┌──

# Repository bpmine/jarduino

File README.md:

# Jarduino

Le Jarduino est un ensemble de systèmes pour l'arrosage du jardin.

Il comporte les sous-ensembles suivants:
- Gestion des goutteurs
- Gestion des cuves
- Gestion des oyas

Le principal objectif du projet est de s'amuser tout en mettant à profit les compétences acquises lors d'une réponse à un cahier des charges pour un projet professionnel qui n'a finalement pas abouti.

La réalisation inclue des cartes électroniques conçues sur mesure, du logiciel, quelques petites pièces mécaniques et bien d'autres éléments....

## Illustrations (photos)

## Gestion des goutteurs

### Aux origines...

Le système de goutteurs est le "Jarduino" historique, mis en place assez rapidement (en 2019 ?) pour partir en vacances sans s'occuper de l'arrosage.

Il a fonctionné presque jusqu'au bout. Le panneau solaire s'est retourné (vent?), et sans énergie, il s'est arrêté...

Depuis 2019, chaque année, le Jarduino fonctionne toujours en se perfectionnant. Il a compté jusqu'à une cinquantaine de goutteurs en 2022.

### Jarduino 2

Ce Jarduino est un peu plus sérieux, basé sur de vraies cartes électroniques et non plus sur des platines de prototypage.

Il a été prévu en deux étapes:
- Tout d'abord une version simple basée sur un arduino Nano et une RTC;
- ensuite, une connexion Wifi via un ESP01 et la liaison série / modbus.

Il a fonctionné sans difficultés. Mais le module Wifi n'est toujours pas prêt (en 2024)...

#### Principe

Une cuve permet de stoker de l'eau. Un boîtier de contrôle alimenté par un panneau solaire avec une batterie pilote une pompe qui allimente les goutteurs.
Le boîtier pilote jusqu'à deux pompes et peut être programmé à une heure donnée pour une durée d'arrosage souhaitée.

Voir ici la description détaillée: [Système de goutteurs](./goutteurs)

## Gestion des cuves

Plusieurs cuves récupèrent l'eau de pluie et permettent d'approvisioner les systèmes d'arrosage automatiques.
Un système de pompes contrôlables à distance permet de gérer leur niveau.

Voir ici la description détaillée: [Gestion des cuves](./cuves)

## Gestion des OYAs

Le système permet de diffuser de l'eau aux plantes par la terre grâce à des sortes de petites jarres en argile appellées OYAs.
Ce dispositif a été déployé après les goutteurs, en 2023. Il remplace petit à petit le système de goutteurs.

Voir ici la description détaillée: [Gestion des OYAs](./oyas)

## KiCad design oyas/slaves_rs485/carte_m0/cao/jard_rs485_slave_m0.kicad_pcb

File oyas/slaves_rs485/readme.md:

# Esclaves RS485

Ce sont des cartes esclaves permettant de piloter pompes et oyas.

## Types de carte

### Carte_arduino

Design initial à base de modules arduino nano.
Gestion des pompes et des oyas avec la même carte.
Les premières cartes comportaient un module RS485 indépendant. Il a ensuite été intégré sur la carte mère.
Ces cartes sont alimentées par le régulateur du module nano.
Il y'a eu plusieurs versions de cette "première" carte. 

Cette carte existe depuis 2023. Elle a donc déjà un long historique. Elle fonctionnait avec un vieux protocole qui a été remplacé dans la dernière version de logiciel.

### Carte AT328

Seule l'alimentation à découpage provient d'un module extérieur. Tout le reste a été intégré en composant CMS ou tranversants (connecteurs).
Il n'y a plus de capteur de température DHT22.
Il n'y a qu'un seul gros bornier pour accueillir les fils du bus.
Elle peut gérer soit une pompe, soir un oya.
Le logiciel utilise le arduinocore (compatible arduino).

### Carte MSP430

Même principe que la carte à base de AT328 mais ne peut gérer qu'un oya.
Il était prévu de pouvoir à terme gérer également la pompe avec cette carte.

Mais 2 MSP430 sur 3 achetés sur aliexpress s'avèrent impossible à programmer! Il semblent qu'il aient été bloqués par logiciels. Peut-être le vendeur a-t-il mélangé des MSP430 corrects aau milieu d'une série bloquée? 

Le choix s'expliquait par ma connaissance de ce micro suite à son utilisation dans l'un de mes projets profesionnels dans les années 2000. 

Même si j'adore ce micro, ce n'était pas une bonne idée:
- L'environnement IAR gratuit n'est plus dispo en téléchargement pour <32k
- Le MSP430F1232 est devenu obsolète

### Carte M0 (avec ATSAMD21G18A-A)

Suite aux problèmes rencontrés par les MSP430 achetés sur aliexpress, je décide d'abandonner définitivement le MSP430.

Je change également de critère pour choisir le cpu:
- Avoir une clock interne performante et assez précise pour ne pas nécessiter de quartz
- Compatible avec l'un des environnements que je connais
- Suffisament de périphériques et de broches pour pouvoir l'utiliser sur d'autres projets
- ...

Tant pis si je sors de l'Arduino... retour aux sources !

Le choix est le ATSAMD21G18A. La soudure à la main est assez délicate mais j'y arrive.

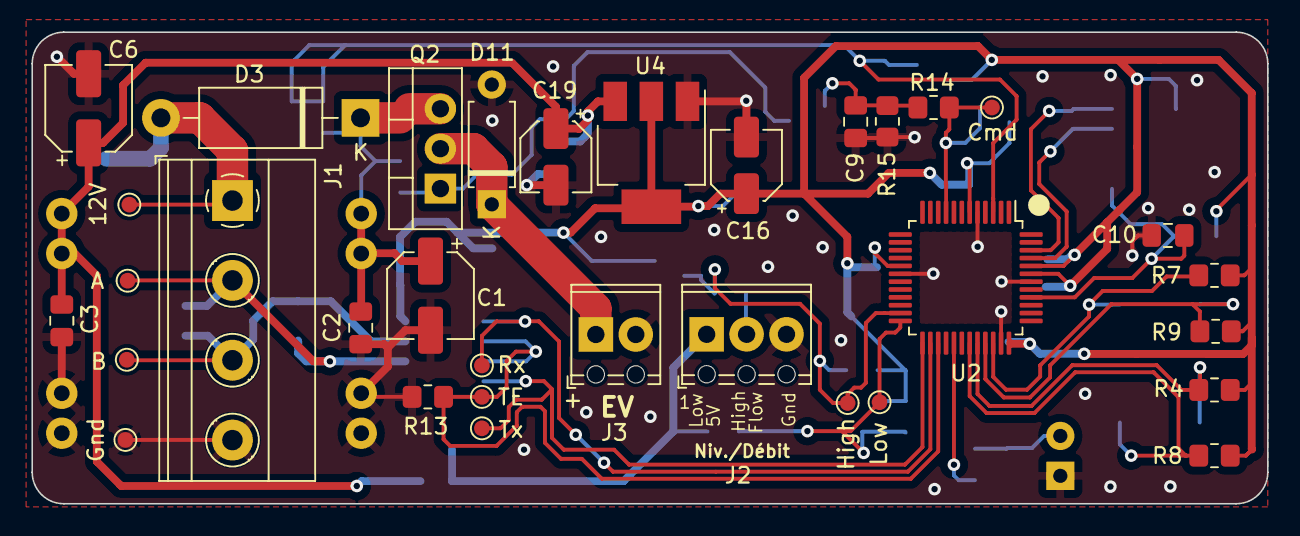
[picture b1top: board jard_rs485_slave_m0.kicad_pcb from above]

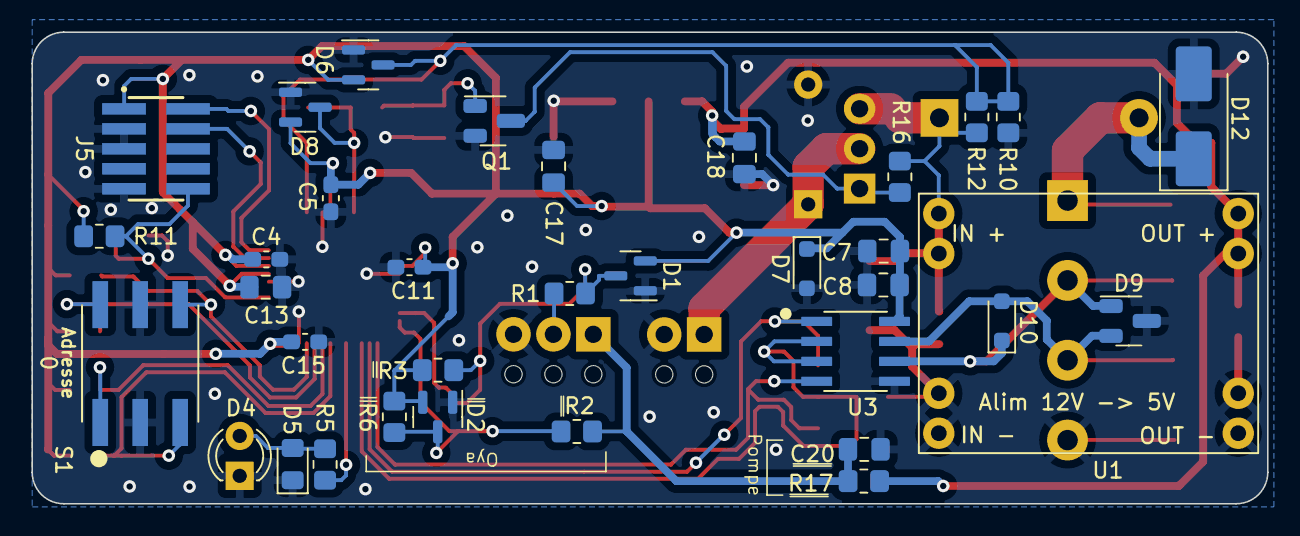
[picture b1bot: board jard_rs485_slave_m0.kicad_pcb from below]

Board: 2 copper layers, 78.6 x 30.0 mm, 68 parts (35 on the bottom side), 28 nets.

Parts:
C1: 33µF; CP_Elec_5x5.9
C2, C8, C9, C10, C17, C20: 100nF; C_0805_2012Metric_Pad1.18x1.45mm_HandSolder
C3, C18: 1nF; C_0805_2012Metric_Pad1.18x1.45mm_HandSolder
C4, C5, C11, C15: 100nF; C_0603_1608Metric_Pad1.08x0.95mm_HandSolder
C6: 10µF; CP_Elec_5x5.9
C7: 10µF; C_0805_2012Metric_Pad1.18x1.45mm_HandSolder
C13: 1µF; C_0805_2012Metric_Pad1.18x1.45mm_HandSolder
C16, C19: 10µF; CP_Elec_4x5.4
D1, D2, D6, D8: BAV99; SOT-23
D3: SR560; D_DO-15_P12.70mm_Horizontal
D4: LED; LED_D3.0mm_FlatTop
D5: LED; LED_0805_2012Metric_Pad1.15x1.40mm_HandSolder
D7, D10: SD12_SOD323; BPC_D_SOD-323_HandSoldering
D9: SM712_SOT23; BPC_SOT-23-3_HandSoldering
D11: 1N4007G; D_A-405_P7.62mm_Horizontal
D12: SMBJ18A; D_SMB_Handsoldering
J1: POWER; TerminalBlock_Phoenix_MKDS-1,5-4-5.08_1x04_P5.08mm_Horizont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
J2: Niveaux/Débit; TerminalBlock_Phoenix_MPT-0,5-3-2.54_1x03_P2.54mm_Horizontal
J3: EV1; TerminalBlock_Phoenix_MPT-0,5-2-2.54_1x02_P2.54mm_Horizontal
J5: BPC_PRG_FTSH-105-01-L-DV-K_1; BPC_SAMTEC_FTSH-105-01-L-DV-K
Q1: BPC_FMMT38C; BPC_SOT-23-3_HandSoldering
Q2: P03P4L-04; TO-220-3_Vertical
R1, R2, R14: 1k; R_0805_2012Metric_Pad1.20x1.40mm_HandSolder
R3, R4, R6, R7, R8, R9, R12, R13, R15, R16: 100k; R_0805_2012Metric_Pad1.20x1.40mm_HandSolder
R5: 220; R_0805_2012Metric_Pad1.20x1.40mm_HandSolder
R10: 27k; R_0805_2012Metric_Pad1.20x1.40mm_HandSolder
R11: 10k; R_0805_2012Metric_Pad1.20x1.40mm_HandSolder
R17: 0; R_0805_2012Metric_Pad1.20x1.40mm_HandSolder
S1: RDS-16S-74385-SMT; BPC_RDS-16S-74385-SMT
TP1: 12V; TestPoint_Pad_D1.0mm
TP2: Gnd; TestPoint_Pad_D1.0mm
TP3: High; TestPoint_Pad_D1.0mm
TP4: Low; TestPoint_Pad_D1.0mm
TP5: Rx; TestPoint_Pad_D1.0mm
TP6: Tx; TestPoint_Pad_D1.0mm
TP7: TE; TestPoint_Pad_D1.0mm
TP8: Cmd; TestPoint_Pad_D1.0mm
TP9: B; TestPoint_Pad_D1.0mm
TP10: A; TestPoint_Pad_D1.0mm
U1: BPC_Alim5V
U2: ATSAMD21G18A-A; TQFP-48_7x7mm_P0.5mm
U3: MAX3485; BPC_MAX485E_SOIC127P600X175-8N
U4: AP1117-15; BPC_SOT-223-3_TabPin2

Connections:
+3.3V: C4.1, C5.2, C7.1, C8.2, C11.2, C13.1, C15.1, C16.1, C17.1, D1.2 (A), D2.2 (A), D6.2 (A), D7.1 (A1), D8.2 (A), J5.01, R3.2, R4.2, R6.2, R7.2, R8.2, R9.2, R11.1, U2.6 (VDDANA), U2.17 (VDDIO), U2.36 (VDDIO), U2.43 (VDDCORE), U2.44 (VDDIN), U3.8 (VCC), U4.2 (VO)
+5V: C3.1, C6.1, C18.1, C19.1, R17.1, U1.7 (OUT+), U1.8 (OUT+), U4.3 (VI)
A1: R4.1, S1.1, U2.32 (PA23)
A2: R7.1, S1.2, U2.34 (PA25)
A3: R8.1, S1.4, U2.31 (PA22)
A4: R9.1, S1.8, U2.33 (PA24)
BUS_A: D9.1 (A1), D10.1 (A1), J1.2, TP10.1, U3.6 (A)
BUS_B: D9.2 (A2), D10.2 (A2), J1.3, TP9.1, U3.7 (B)
CMD_EV1: D8.3 (K), R14.1, TP8.1, U2.9 (PA04)
GND: C1.2, C2.2, C3.2, C4.2, C5.1, C6.2, C7.2, C8.1, C9.2, C10.1, C11.1, C13.2, C15.2, C16.2, C17.2, C18.2, C19.2, C20.1, D1.1 (K), D2.1 (K), D4.1 (K), D5.1 (K), D6.1 (K), D7.2 (A2), D8.1 (K), D9.3 (common), D11.2 (A), D12.2 (A2), J1.4, J2.3, J3.2, J5.03, J5.05, J5.09, Q1.2 (E), R10.1, R13.2, R15.2, S1.C_1 (C), S1.C_2 (C), TP2.1, U1.3 (IN-), U1.4 (IN-), U1.5 (OUT-), U1.6 (OUT-), U2.5 (GNDANA), U2.18 (GND), U2.35 (GND), U2.42 (GND), U3.5 (GND), U4.1 (GND)
LED: R5.1, U2.29 (PA20)
LVL_HIGH_FLOW: D1.3 (K), R1.2, R3.1, TP3.1, U2.23 (PA14)
LVL_LOW: D2.3 (K), R2.2, R6.1, TP4.1, U2.24 (PA15)
unnamed: D4.2 (A), D5.2 (A), R5.2
unnamed: D11.1 (K), J3.1, Q2.2 (D)
unnamed: D3.2 (A), D12.1 (A1), J1.1, TP1.1
unnamed: C20.2, J2.1, R2.1, R17.2
unnamed: J2.2, R1.1
unnamed: C9.1, Q1.1 (B), R14.2, R15.1
unnamed: Q1.3 (C), Q2.1 (G), R16.2
POWER_12V: C1.1, C2.1, D3.1 (K), Q2.3 (S), R12.2, R16.1, U1.1 (IN+), U1.2 (IN+)
POW_MES: D6.3 (K), R10.2, R12.1, U2.3 (PA02)
RX: TP5.1, U2.26 (PA17), U3.1 (RO)
SWCLK: J5.04, U2.45 (PA30)
SWDIO: J5.02, U2.46 (PA31)
TX: TP6.1, U2.25 (PA16), U3.4 (DI)
TX_EN: R13.1, TP7.1, U2.27 (PA18), U3.2 (~RE), U3.3 (DE)
/RESET: C10.2, J5.10, R11.2, U2.40 (~RESET)

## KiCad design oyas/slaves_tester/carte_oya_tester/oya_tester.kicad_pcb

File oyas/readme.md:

# Système de gestion des OYAs

## Présentation

Le but du système de remplissage automatique des OYAs est de pouvoir s'absenter pendant les vacances tout en laissant les OYAs se gérer tous seuls.

### Oyas

Les OYAs sont des sortes de pots en argile enterrés utilisés depuis des millénaires pour distribuer de l'eau à des cultures.

On remplit régulièrement ces pots. Grâce à leur porosité, l'eau se diffuse à travers l'OYAs au fur et à mesure où les racines des plantes assèchent la terre à proximité.

- Ils évitent les pertes d'eau par évaporation
- ne mouillent pas les feuilles des plantes
- ne mouille pas le sol en surface
- évitent le stress hydrique
- permettent de faire des économies d'eau

### Principe de fonctionnement

Des cuves récupèrent l'eau de pluie. A partir de ces cuves, un système comportant une pompe et plusieurs électrovannes permet de remplir les OYAs.

Le système rempli chaque OYA jusqu'au maximum ou bien selon le programme souhaité. La stratégie de remplissage est entièrement programmable.

## Description de nos réseaux d'OYAs

Notre installation comporte actuellement (en 2025) trois réseaux d'OYAs reliés chacun à une cuve et à son alimentation électrique autonome.

## Réseau A : Barbecue

C'est le plus ancien (mise en service en 2023). Il comporte à ce jour:

- 1 maître
- 1 pompe
- 7 OYAs
- 1 EV pour remplir un réservoir d'appoint

 Caractéristique | Description
-- | --
Nombre de nœuds | 10
Longueur | environ 30 m
Volume cuve | 520 L
Capacité totale des Oyas | 64 L (4x10 + 3x8 + cuve de 100L non gérée actuellement)
Alimentation | 1 Panneau solaire 120W + 2 Batteries 12V au plomb

La cuve et l'alimentation 12V déservent à la fois le système d'OYAs et un système de gestion de goutteurs alimenté par une petite pompe.

Ce réseau est à la fois composé de cartes électroniques  esclaves de "première génération" Rev Ax et de cartes récentes (Rev Gx produites en 2024).

Très bon retour sur le fonctionnement pendant l'été 2023. 
Excellent retour aussi en 2024.

A noter cependant la fragilité des électrovannes. Pour fonctionner correctement, il est nécessaire d'avoir une eau d'arrivée sans impureté. En effet, celle ci peut se déposer entre le corps et la membrane de l'électrovanne et bloquer cette dernière en position ouverte. Le tuyau 10mm transparent génère des algues qui sèchent pendant l'hiver lors de l'entreposage du système. Lors de la remise en service au printemps 2023, des morceaux d'algue de l'année précédente se sont détachées et sont venues perturber le fonctionnement des électrovannes.

## Réseau B : Réduit

- 1 maître
- 1 pompe
- 12 OYAs (dont 4 ajoutés en 2025)

Caractéristique | Description
-- | --
Nombre de nœuds | 13
Longueur | environ 35 m
Volume cuve | 520 L
Capacité totale des Oyas | 100 L (2x10 + 10x8) 
Alimentation | 1 Panneau solaire 120W + 2 Batteries 12V au plomb

Mis en service en 2024. Etendu en 2025.

## Réseau C : Nord (Derrière la maison)

- 1 maître
- 1 pompe
- 6 OYAs

Caractéristique | Description
-- | --
Nombre de nœuds | 7
Longueur | environ 15 m
Volume cuve | 300 L
Capacité totale des Oyas | 48 L (6x8) 
Alimentation | ? (A définir)

Mis en service en 2025.

## Pilotage par Wifi

Les deux maîtres des OYAs sont accessibles par Wifi.

On peut prendre le contrôle et consulter en temps réel le niveau d'eau dans chaque OYA.
On peut également paramétrer le fonctionnement du système (heures et stratégies de remplissages, ...).

Ci-dessous une capture d'un monitoring du 14/08/2024:

Durant nos vacances, les données sont également acheminées vers un cloud et mémorisées dans une base de données.
On peut ainsi voir évoluer les niveaux d'eau.

## Composants d'un réseau d'OYAs

### Réseau/Tuyau

Chaque système OYAs est composé d'un module maître et de plusieurs modules esclaves reliés entre eux par un réseau RS485 et un tuyau 12mm.

Le câble réseau comporte une alimentation 12V et les fils A et B du RS485.

Le réseau possède deux résistances de terminaison de 120 Ohms aux deux extrémités. Il est également polarisé côté maître par une pull up et une pull down de 220 Ohms (Valeur encore susceptible de bouger).

Pour trouver les bonnes valeurs et étant donné la mauvaise qualité de câble utilisé, il faut effectuer des mesures de signal au bout du bus et vérifier que les tensions au repos de A et de B sont conformes à la norme RS485. 

__NB:__ Le dispositif de la photo ci-dessus contient une résistance de 128 Ohm. On appelle ça un "bouchon" !! (d'où le bouchon de liège...)

## Modules électronique de pilotage

### Module Pompe

Le module pompe contient une carte esclave RS485 en configuration "pompe".

Connecteurs:
- connecteur 4 voies bus RS485 + alim
- connecteur pompe
- connecteur débitmètre

Ce module est placé en sortie de cuve pour pomper l'eau et donner une certaine pression dans le tuyau. La pompe est nécessaire pour assurer un débit constant quelque soit le niveau d'eau dans la cuve et quelle que soit la hauteur relative entre la cuve et les différents OYAs.

Il faut aussi noter qu'une pression minimale est nécessaire pour ouvrir une électrovanne (voir ces caractéristiques).

Le schéma et le pcb de la carte sont ici: [Carte esclave RS485](./slaves_rs485/hard)

Plusieurs versions ont été réalisées, compatibles entre-elles. A ce jour le système est composé de façon hétérogène par ces différentes versions.

Version | Date | Description
-- | -- | --
Rev Ax | 2023 | Version initiale avec modules (forme en L)
Rev Bx | 2023 | Correction RX/TX inversé
Rev Dx | 2024 | Version sans module (tout intégré en CMS)
Rev Ex | 2024 | Avec modules (petite carte)
Rev Gx | 2024 | MAX485 en CMS (petite carte)

Le logiciel est ici: [Logiciel esclave RS485](.\slaves_rs485\src)

### Module Oya

Le module OYA contient une carte esclave RS485 en configuration "OYA".

Connecteurs:
- connecteur 4 voies bus RS485 + alim
- connecteur électrovanne
- connecteur niveaux

Il contient également une électrovanne 12V et un capteur de niveau.

Ce module est placé sur chaque OYA.

Le capteur de niveau comporte deux flotteurs qui ferment un contact en position basse.

### Module Maître

Le maître des OYAs permet de commander une pompe et plusieurs électrovannes pour remplir des OYAs.

## Protocole réseau (RS485)

Le réseau est de type RS485. Il comporte un maître et plusieurs esclaves. Chaque esclave a une adresse unique (de 1 à 14 ou 1 à E en hexadécimal).

Seul le maître peut initier une communication. Un seul esclave peut répondre à une trame émise par le maître.

Types de messages du maître:

- Trame Commandes
- Trame Ping
- Trame Sync

Types de réponses d'un esclave:

- Trame Pompe
- Trame Oya
- Trame Pong

La communication se fait par cycles. Chaque cycle se termine par une trame Sync.

Durant un cycle, le maître envoie autant de trames __*"Commandes"*__ qu'il y'a d'esclaves configurés. Chaque trame __*"Commandes"*__ comporte un appel destiné à un esclave en particulier. Seul l'esclave appelé peut répondre avec l'une des deux trames __*"Oya"*__ ou __*"Pompe"*__.

Après un __*"Sync"*__, le maître doit impérativement attendre un temps minimum avant d'initier un nouveau cycle. Cela permet aux esclaves d'effectuer des traitements.

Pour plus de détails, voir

└──

BRIEF
Everything in the material above from the line that has "On peut ainsi voir évoluer les niveaux d'eau." through the line that has "- connecteur débitmètre" must be duplicated exactly, with no other lines given.

WRITTEN ANSWER
On peut ainsi voir évoluer les niveaux d'eau.

## Composants d'un réseau d'OYAs

### Réseau/Tuyau

Chaque système OYAs est composé d'un module maître et de plusieurs modules esclaves reliés entre eux par un réseau RS485 et un tuyau 12mm.

Le câble réseau comporte une alimentation 12V et les fils A et B du RS485.

Le réseau possède deux résistances de terminaison de 120 Ohms aux deux extrémités. Il est également polarisé côté maître par une pull up et une pull down de 220 Ohms (Valeur encore susceptible de bouger).

Pour trouver les bonnes valeurs et étant donné la mauvaise qualité de câble utilisé, il faut effectuer des mesures de signal au bout du bus et vérifier que les tensions au repos de A et de B sont conformes à la norme RS485. 

__NB:__ Le dispositif de la photo ci-dessus contient une résistance de 128 Ohm. On appelle ça un "bouchon" !! (d'où le bouchon de liège...)

## Modules électronique de pilotage

### Module Pompe

Le module pompe contient une carte esclave RS485 en configuration "pompe".

Connecteurs:
- connecteur 4 voies bus RS485 + alim
- connecteur pompe
- connecteur débitmètre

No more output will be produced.